Interview: Shlohmo When it comes to future bass, America’s exports are keeping Europe bouncing. If everything the States ship us is as good as Shlohmo, we’re in for a happy future indeed. As one of the co-founders of the WEDIDIT collective, Henry Laufer’s alter ego put out some mighty fine material in 2011, including his Bad Vibes LP and a killer mixtape for Gilles Peterson. His next release is another EP dubbed Vacation, which comes with additional remixes by Nicolas Jaar and Airhead. We sat down with him to get a taste of how he thinks.

EB: LA’s electronic scene is pretty intense right now, with producers like Kingdom and Total Freedom reshaping and redefining bass music. How could you describe the musical atmosphere over there?
Shlohmo: Honestly I haven’t spent too much time in Los Angeles this past year so I’m not quite sure what’s been going on out there as of lately. But when I left, the atmosphere was really unique you know. There’s definitely a lot of great experimental electronic music coming out of there. It’s an inspiring place.

Would you say that your goal is to integrate your releases into European circulation?
It’s one of my goals, definitely. I have huge respect for the whole Euro-electronic scene and I’m trying to make it out there as much as I can. So we’ll see what happens with that.

Tell me a bit about Friends of Friends. What made you chose it as your initial release label?
Leeor just runs a great label all around. I’m happy to have released my stuff on it.

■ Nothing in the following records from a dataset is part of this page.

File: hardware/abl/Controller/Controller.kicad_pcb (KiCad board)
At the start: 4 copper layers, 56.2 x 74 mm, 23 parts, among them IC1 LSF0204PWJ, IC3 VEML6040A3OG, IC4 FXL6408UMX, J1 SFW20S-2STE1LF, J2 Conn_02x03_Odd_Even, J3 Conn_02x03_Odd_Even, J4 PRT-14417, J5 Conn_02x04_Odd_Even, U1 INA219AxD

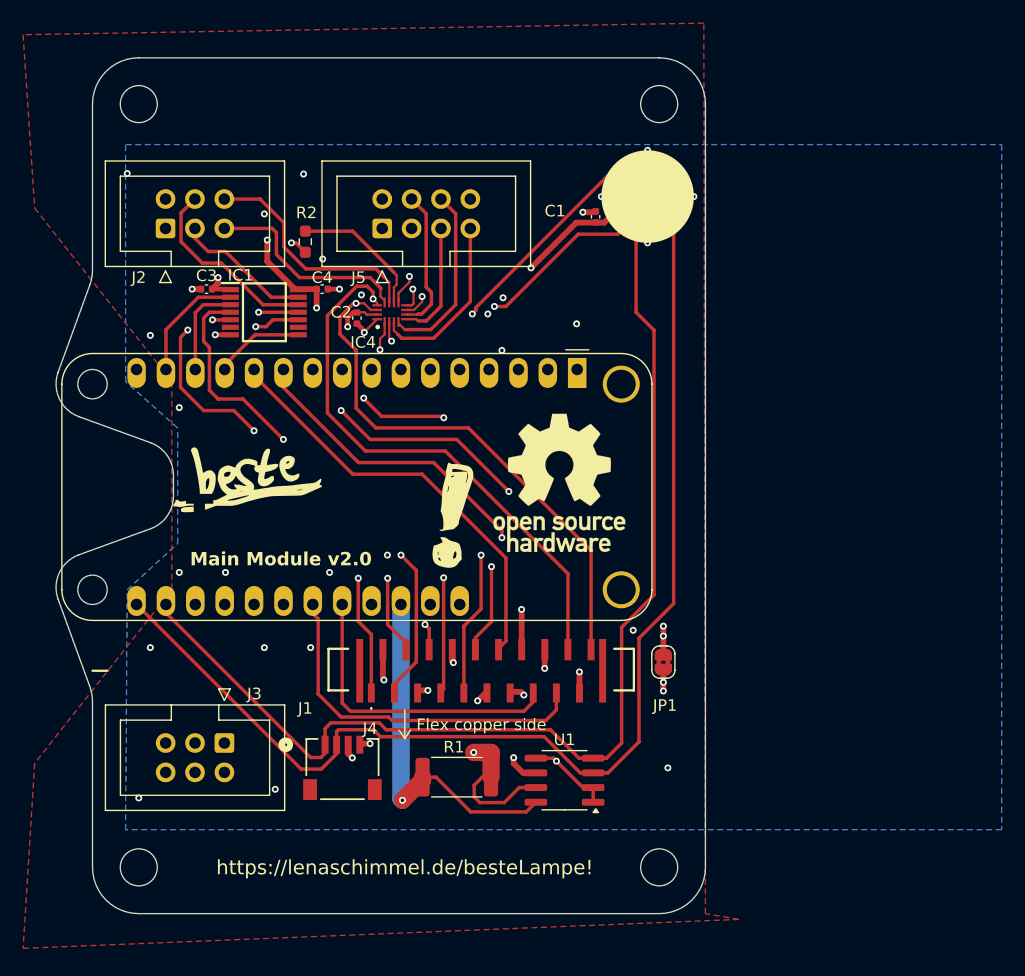
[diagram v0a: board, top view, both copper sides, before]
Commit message: Clean up schematics and minor fixes in PCB layouts.
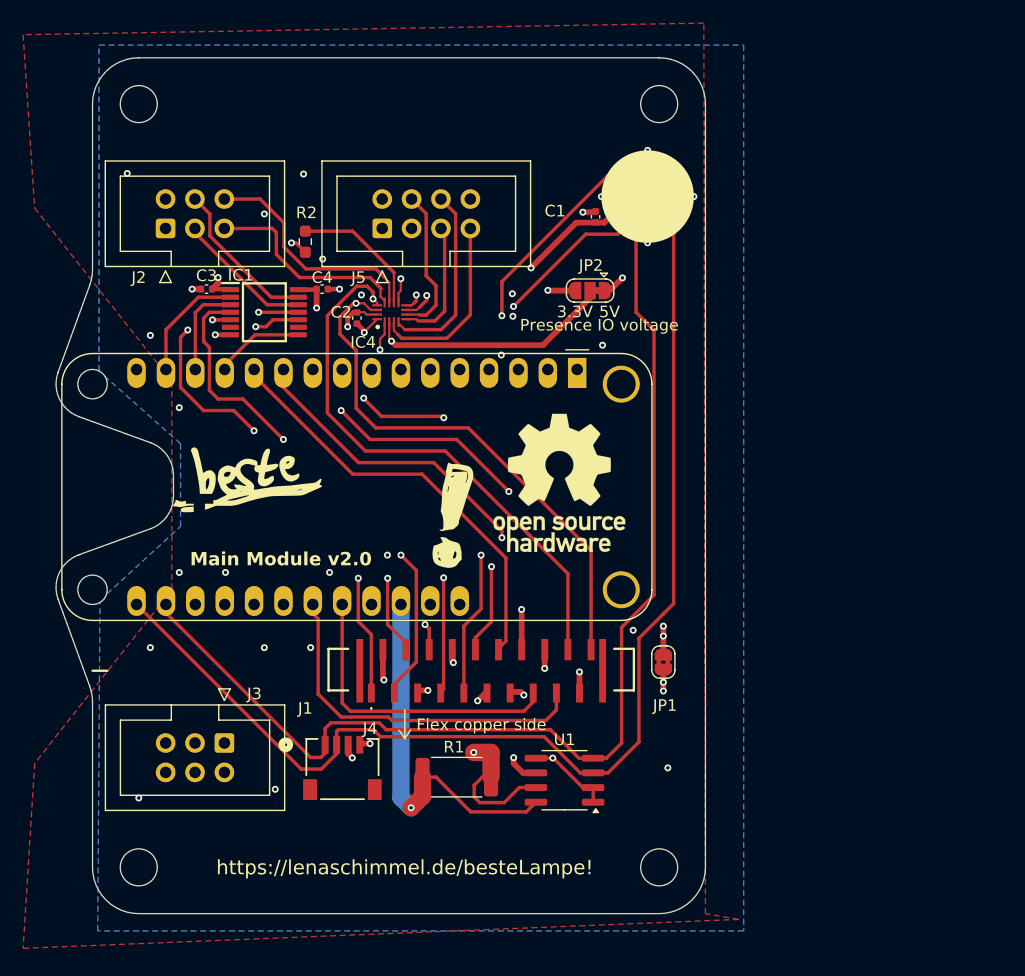
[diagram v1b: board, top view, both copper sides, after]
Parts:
- added JP2: SolderJumper_3_Bridged12, Jumper:SolderJumper-3_P1.3mm_Bridged12_RoundedPad1.0x1.5mm, F.Cu at (106.0, 71.1)
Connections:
- net Net-(A1-USB) renamed VBUS
- net Net-(IC4-GPIO0) renamed /S1_L
- net Net-(IC4-GPIO1) renamed /S2_L
- net Net-(IC4-GPIO2) renamed /S1_R
- net Net-(IC4-GPIO3) renamed /S2_R
- net Net-(IC4-GPIO4) renamed /FX4
- net Net-(IC4-GPIO5) renamed /FX5
- net Net-(IC4-GPIO6) renamed /FX6
- net Net-(IC4-GPIO7) renamed /FX7
- C4 pad 2: +5V -> Net-(IC1-REFB)
- IC1 pad 10: Net-(IC1-B4) -> /RX_R_5
- IC1 pad 11: Net-(IC1-B3) -> /TX_R_5
- IC1 pad 12: Net-(IC1-B2) -> /RX_L_5
- IC1 pad 13: Net-(IC1-B1) -> /TX_L_5
- IC1 pad 14: +5V -> Net-(IC1-REFB)
- IC4 pad 2: +5V -> Net-(IC1-REFB)
- J2 pad 3: Net-(IC1-B1) -> /RX_L_5
- J2 pad 4: Net-(IC1-B2) -> /TX_L_5
- J3 pad 3: Net-(IC1-B3) -> /RX_R_5
- J3 pad 4: Net-(IC1-B4) -> /TX_R_5
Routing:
- net Net-(IC1-B4): track 48.7 -> 0.00 mm, vias 1 -> 0
- net /TX_R_5: track 0.00 -> 48.5 mm, vias 0 -> 1
- net /RX_R_5: track 0.00 -> 46.2 mm, vias 0 -> 1
- net Net-(IC1-B3): track 44.7 -> 0.00 mm, vias 1 -> 0
- net Net-(IC1-REFB): track 0.00 -> 32.4 mm, vias 0 -> 2
- net +5V: track 168.3 -> 150.2 mm, vias 6 -> 4
- net Net-(IC1-B2): track 16.6 -> 0.00 mm
- net /TX_L_5: track 0.00 -> 13.6 mm
- net Net-(IC1-B1): track 11.9 -> 0.00 mm
- net /RX_L_5: track 0.00 -> 11.9 mm
- net /S2_R: track 61.8 -> 66.1 mm
- net /SDA: track 184.0 -> 185.6 mm
- net VBUS: track 31.1 -> 32.4 mm
- net /FX5: track 10.3 -> 11.0 mm
- net /FX7: track 15.3 -> 15.9 mm
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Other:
- board text added: "3.3V"
- board text added: "5V"
- board text added: "Presence IO voltage"

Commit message: Improved connectors (more signals, better return paths)
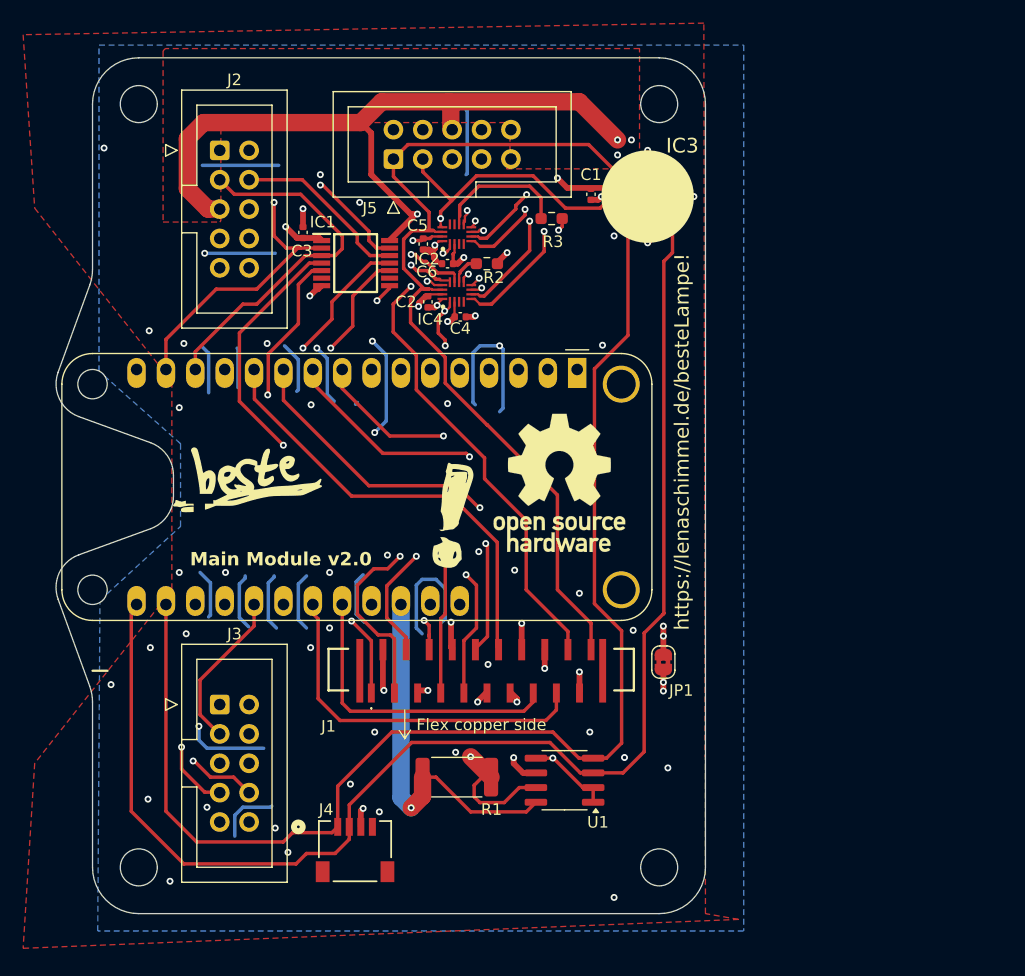
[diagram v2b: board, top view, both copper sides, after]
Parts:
- removed JP2: SolderJumper_3_Bridged12, Jumper:SolderJumper-3_P1.3mm_Bridged12_RoundedPad1.0x1.5mm
- added C5: 100nF, Capacitor_SMD:C_0402_1005Metric, F.Cu at (91.6, 67.1)
- added C6: 100nF, Capacitor_SMD:C_0402_1005Metric, F.Cu at (93.7, 68.8)
- added IC2: FXL6408UMX, FXL6408UMX:QFN40P180X260X55-16N, F.Cu at (94.5, 66.2)
- added R3: 4700R, Resistor_SMD:R_0603_1608Metric_Pad0.98x0.95mm_HandSolder, F.Cu at (102.7, 64.9)
- J2, J3: footprint Connector_IDC:IDC-Header_2x03_P2.54mm_Vertical -> Connector_IDC:IDC-Header_2x05_P2.54mm_Vertical
- J5: footprint Connector_IDC:IDC-Header_2x04_P2.54mm_Vertical -> Connector_IDC:IDC-Header_2x05_P2.54mm_Vertical
- moved R2 15.8 mm to (97.1, 68.8), turned to 0 degrees
- moved C4 12.2 mm to (94.8, 73.4)
- moved C3 9.67 mm to (81.2, 66.1), turned to -90 degrees
- moved IC1 8.96 mm to (85.8, 68.8)
- moved J2 8.22 mm to (74.0, 59.0), turned to 0 degrees
- moved J4 7.18 mm to (85.7, 119.6)
- moved C2 6.30 mm to (92.0, 72.1)
- moved J5 6.08 mm to (89.0, 59.8)
- moved IC4 5.91 mm to (94.5, 71.2)
- moved J3 3.35 mm to (74.0, 106.9), turned to 0 degrees
- moved C1 1.99 mm to (106.1, 62.8), turned to -90 degrees
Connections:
- net /FX5 renamed /FX_3_5
- C4 pad 2: Net-(IC1-REFB) -> +3.3V
- IC1 pad 14: Net-(IC1-REFB) -> +5V
- IC4 pad 11: /S2_L -> /FX_3_1
- IC4 pad 12: /S1_L -> /FX_3_0
- IC4 pad 2: Net-(IC1-REFB) -> +3.3V
- IC4 pad 3: /FX7 -> /FX_3_7
- IC4 pad 4: /FX6 -> /FX_3_6
- IC4 pad 6: /FX4 -> /FX_3_4
- IC4 pad 7: /S2_R -> /FX_3_3
- IC4 pad 8: /S1_R -> /FX_3_2
- J2 pad 1: +5V -> /TX_L
- J2 pad 3: /RX_L_5 -> /RX_L
- J2 pad 4: /TX_L_5 -> /RX_L_5
- J2 pad 5: /S1_L -> +5V
- J2 pad 6: /S2_L -> /TX_L_5
- J3 pad 1: +5V -> /TX_R
- J3 pad 3: /RX_R_5 -> /RX_R
- J3 pad 4: /TX_R_5 -> /RX_R_5
- J3 pad 5: /S1_R -> +5V
- J3 pad 6: /S2_R -> /TX_R_5
- J5 pad 1: +5V -> /SDA
- J5 pad 2: GND -> +3.3V
- J5 pad 3: +3.3V -> /SCL
- J5 pad 4: /FX4 -> +4V
- J5 pad 6: /FX6 -> +5V
- J5 pad 7: /FX7 -> /FX_5_5
- J5 pad 8: +4V -> /FX_3_4
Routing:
- net GND: track 20.0 -> 223.1 mm, vias 39 -> 59
- net /FX_3_3: track 0.00 -> 76.6 mm, vias 0 -> 2
- net /FX_3_2: track 0.00 -> 70.6 mm, vias 0 -> 2
- net /FX_5_3: track 0.00 -> 69.6 mm, vias 0 -> 1
- net /FX_5_2: track 0.00 -> 69.6 mm, vias 0 -> 1
- net /S2_R: track 66.1 -> 0.00 mm, vias 1 -> 0
- net /S1_R: track 59.1 -> 0.00 mm, vias 1 -> 0
- net +3.3V: track 155.2 -> 200.7 mm, vias 8 -> 11
- net +5V: track 150.2 -> 194.8 mm, vias 4 -> 8
- net Net-(IC1-REFB): track 32.4 -> 0.00 mm, vias 2 -> 0
- net /FX_3_4: track 0.00 -> 23.4 mm, vias 0 -> 1
- net /RX_L: track 8.23 -> 31.7 mm
- net /TX_L: track 10.2 -> 32.8 mm, vias 0 -> 1
- net /FX_3_0: track 0.00 -> 21.3 mm, vias 0 -> 1
- net /SDA: track 185.6 -> 205.9 mm, vias 2 -> 0
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- added copper zone on F.Cu, net +5V
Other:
- board text removed: "3.3V"
- board text removed: "5V"
- board text removed: "Presence IO voltage"

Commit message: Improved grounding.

He’s got real respect for the music and keeps putting out records that he really gives a shit about, which is mad refreshing.

The release dates of Bad Vibes and Vacation are pretty close to each other. Do you prefer to drop a lot of material at once?
The shit that I try and do with my own production is always changing and I try to release stuff quick before I get bored.

So you probably enjoy the change of remixing other songs and making new melodies out of them.
It lets me try new things. I get weird and stop worrying about making it sound like me or even the artist I’m remixing. I just let it do its thing.

Do you prefer analogue or synthetic forms of producing?
Depends on what I’m trying to do with the song. I use both methods for different outcomes.

On Vacation you used a lot of vocal samples; what’s your main source for those?
I’m a big fan of 90’s and early 2000’s R&B, and I like looking for random bootleg acapellas that people make and put on hulkshare. So if I fuck with a song I’ll just scour the internet ‘til I find some shitty 64kbps acapella of whatever I’m digging for.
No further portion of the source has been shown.